Problem details:
List, from the lines below, each one with "through" in it.
# # #
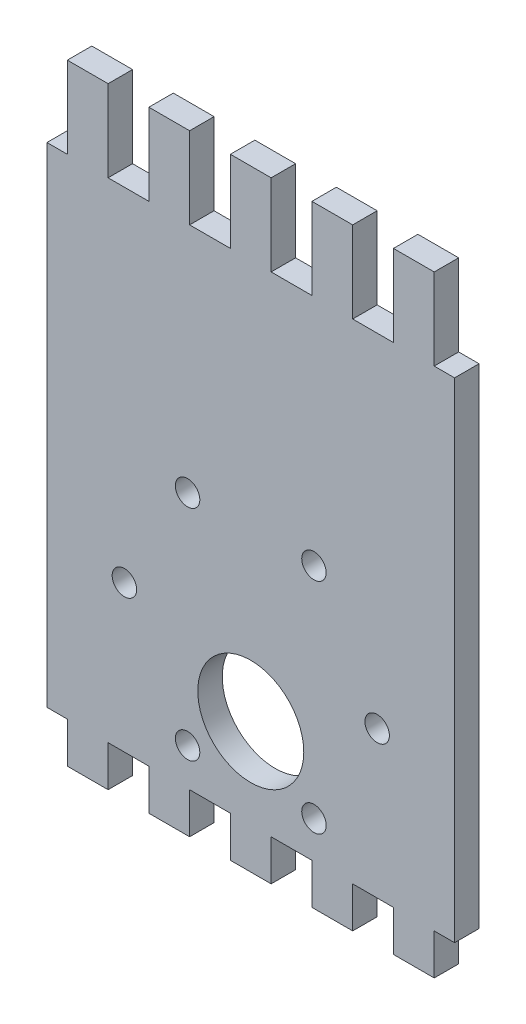
SolidWorks part; units mm, degrees
material "Balsa"
ref_plane "Plan de face" through (0, 0, 0) normal (0, 0, 1) x (1, 0, 0)
ref_plane "Plan de dessus" through (0, 0, 0) normal (0, 1, 0) x (1, 0, 0)
ref_plane "Plan de droite" through (0, 0, 0) normal (1, 0, 0) x (0, 0, -1)
sketch "Esquisse3" plane through (0, 0, 0) normal (0, 0, 1) x (1, 0, 0)
  line L0 (0, 70.5597) -> (0, -65.6935) construction
  line L2 (-25, 22) -> (25, 22)
  line L3 (-25, 22) -> (-25, -38)
  line L4 (-25, -38) -> (25, -38)
  line L5 (25, 22) -> (25, -38)
  dimension "D1" = 22
  dimension "D2" = 25
  dimension "D3" = 50
  dimension "D4" = 60
extrude "Boss.-Extru.12" add sketch "Esquisse3" along normal blind 3
sketch "Esquisse4" plane through (0, 0, 3) normal (0, 0, 1) x (1, 0, 0)
  line L0 (0, 0.0622) -> (0, -20) construction
  line L1 (0, -20) -> (-7.75, -6.5766) construction
  line L2 (-7.75, -33.4234) -> (0, -20) construction
  line L3 (0, -20) -> (-15.5, -20) construction
  line L4 (-25, -38) -> (25, -38) construction
  line L6 (-25, 22) -> (-25, -38) construction
  circle A0 centre (0, -20) radius 15.5 construction
  circle A1 centre (-7.75, -6.5766) radius 1.5
  circle A2 centre (-15.5, -20) radius 1.5
  circle A3 centre (-7.75, -33.4234) radius 1.5
  dimension "D1" = 31
  dimension "D4" = 3
  dimension "D5" = 3
  dimension "D6" = 3
  dimension "D3" = 30
  dimension "D7" = 60
  dimension "D8" = 60
  dimension "D9" = 18
  dimension "D10" = 25
extrude "Enlèv. mat.-Extru.1" cut sketch "Esquisse4" against normal blind 5
sketch "Esquisse6" plane through (0, 0, 3) normal (0, 0, 1) x (1, 0, 0)
  line L0 (-25, -38) -> (25, -38) construction
  line L2 (25, -38) -> (25, 22) construction
  circle A0 centre (0, -27) radius 6.5
  point P7 (25, -12.0305)
  point P8 (-48.1869, 3.2287)
  point P9 (-55.0704, 11.0673)
  dimension "D2" = 13
  dimension "D1" = 7
  dimension "D3" = 11
  dimension "D4" = 25
extrude "Enlèv. mat.-Extru.3" cut sketch "Esquisse6" against normal blind 10
mirror "Symétrie3" about plane through (0, 0, 0) normal (1, 0, 0) of "Enlèv. mat.-Extru.1"
sketch "Esquisse7" plane through (0, 0, 3) normal (0, 0, 1) x (1, 0, 0)
  line L0 (25, 22) -> (-25, 22) construction
  line L1 (-22.5, 22) -> (-17.5, 22)
  line L2 (-22.5, 22) -> (-22.5, 32)
  line L3 (-22.5, 32) -> (-17.5, 32)
  line L4 (-17.5, 22) -> (-17.5, 32)
  line L5 (-25, -38) -> (25, -38) construction
  line L6 (-22.5, -38) -> (-17.5, -38)
  line L7 (-22.5, -38) -> (-22.5, -43)
  line L8 (-22.5, -43) -> (-17.5, -43)
  line L9 (-17.5, -38) -> (-17.5, -43)
  line L10 (-25, 22) -> (-25, -38) construction
  dimension "D1" = 5
  dimension "D2" = 10
  dimension "D3" = 2.5
  dimension "D4" = 2.5
  dimension "D5" = 5
  dimension "D6" = 5
extrude "Boss.-Extru.13" add sketch "Esquisse7" against normal blind 3
pattern_linear "Répétition linéaire1" count 5 spacing 10 along (1, 0, 0) of "Boss.-Extru.13"
# # #
Solution to the exercise:
ref_plane "Plan de face" through (0, 0, 0) normal (0, 0, 1) x (1, 0, 0)
ref_plane "Plan de dessus" through (0, 0, 0) normal (0, 1, 0) x (1, 0, 0)
ref_plane "Plan de droite" through (0, 0, 0) normal (1, 0, 0) x (0, 0, -1)
sketch "Esquisse3" plane through (0, 0, 0) normal (0, 0, 1) x (1, 0, 0)
sketch "Esquisse4" plane through (0, 0, 3) normal (0, 0, 1) x (1, 0, 0)
sketch "Esquisse6" plane through (0, 0, 3) normal (0, 0, 1) x (1, 0, 0)
mirror "Symétrie3" about plane through (0, 0, 0) normal (1, 0, 0) of "Enlèv. mat.-Extru.1"
sketch "Esquisse7" plane through (0, 0, 3) normal (0, 0, 1) x (1, 0, 0)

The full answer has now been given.